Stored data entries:
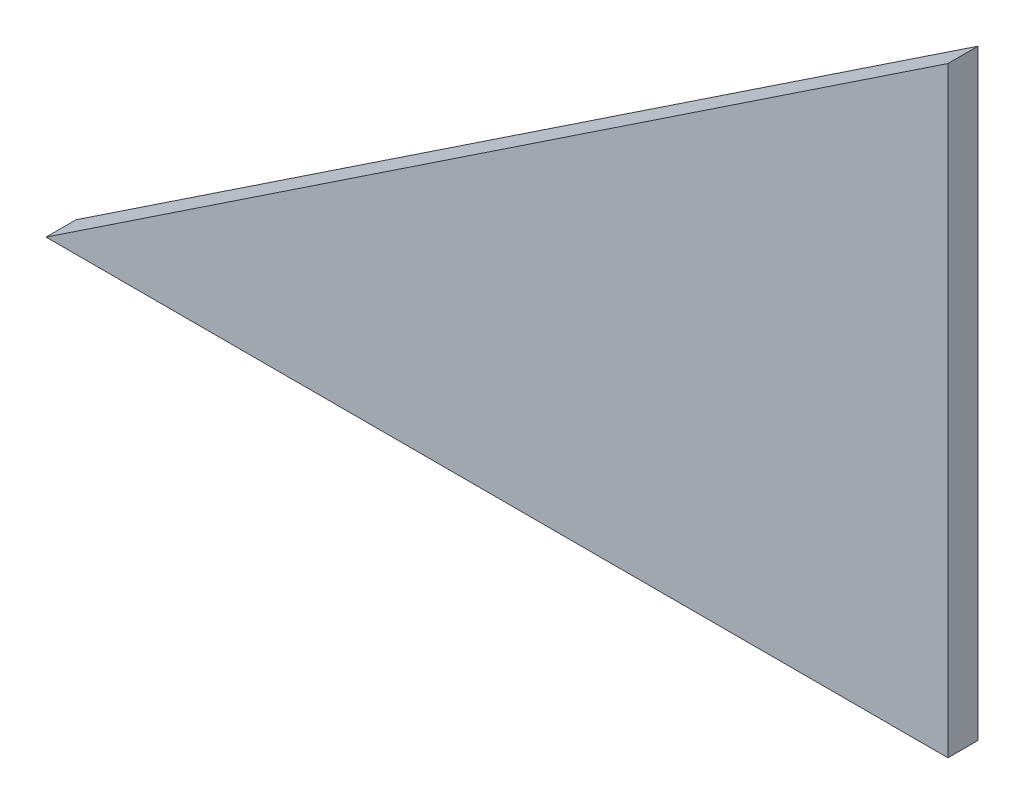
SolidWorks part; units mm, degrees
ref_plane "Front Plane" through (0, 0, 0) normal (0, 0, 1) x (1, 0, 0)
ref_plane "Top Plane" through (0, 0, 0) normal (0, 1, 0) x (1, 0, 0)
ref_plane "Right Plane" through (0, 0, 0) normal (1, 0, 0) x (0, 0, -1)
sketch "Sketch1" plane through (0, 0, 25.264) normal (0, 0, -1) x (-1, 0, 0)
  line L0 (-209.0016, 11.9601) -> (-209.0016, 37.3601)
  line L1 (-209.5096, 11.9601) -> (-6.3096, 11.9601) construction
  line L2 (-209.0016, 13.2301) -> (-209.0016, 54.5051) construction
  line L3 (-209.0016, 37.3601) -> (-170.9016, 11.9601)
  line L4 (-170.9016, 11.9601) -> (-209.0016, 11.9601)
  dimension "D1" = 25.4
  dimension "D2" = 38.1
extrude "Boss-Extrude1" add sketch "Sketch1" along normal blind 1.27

THE PROBLEM –
Answer with one number only: how many lines above contain the word "construction".

SOLUTION TO THE PROBLEM –
2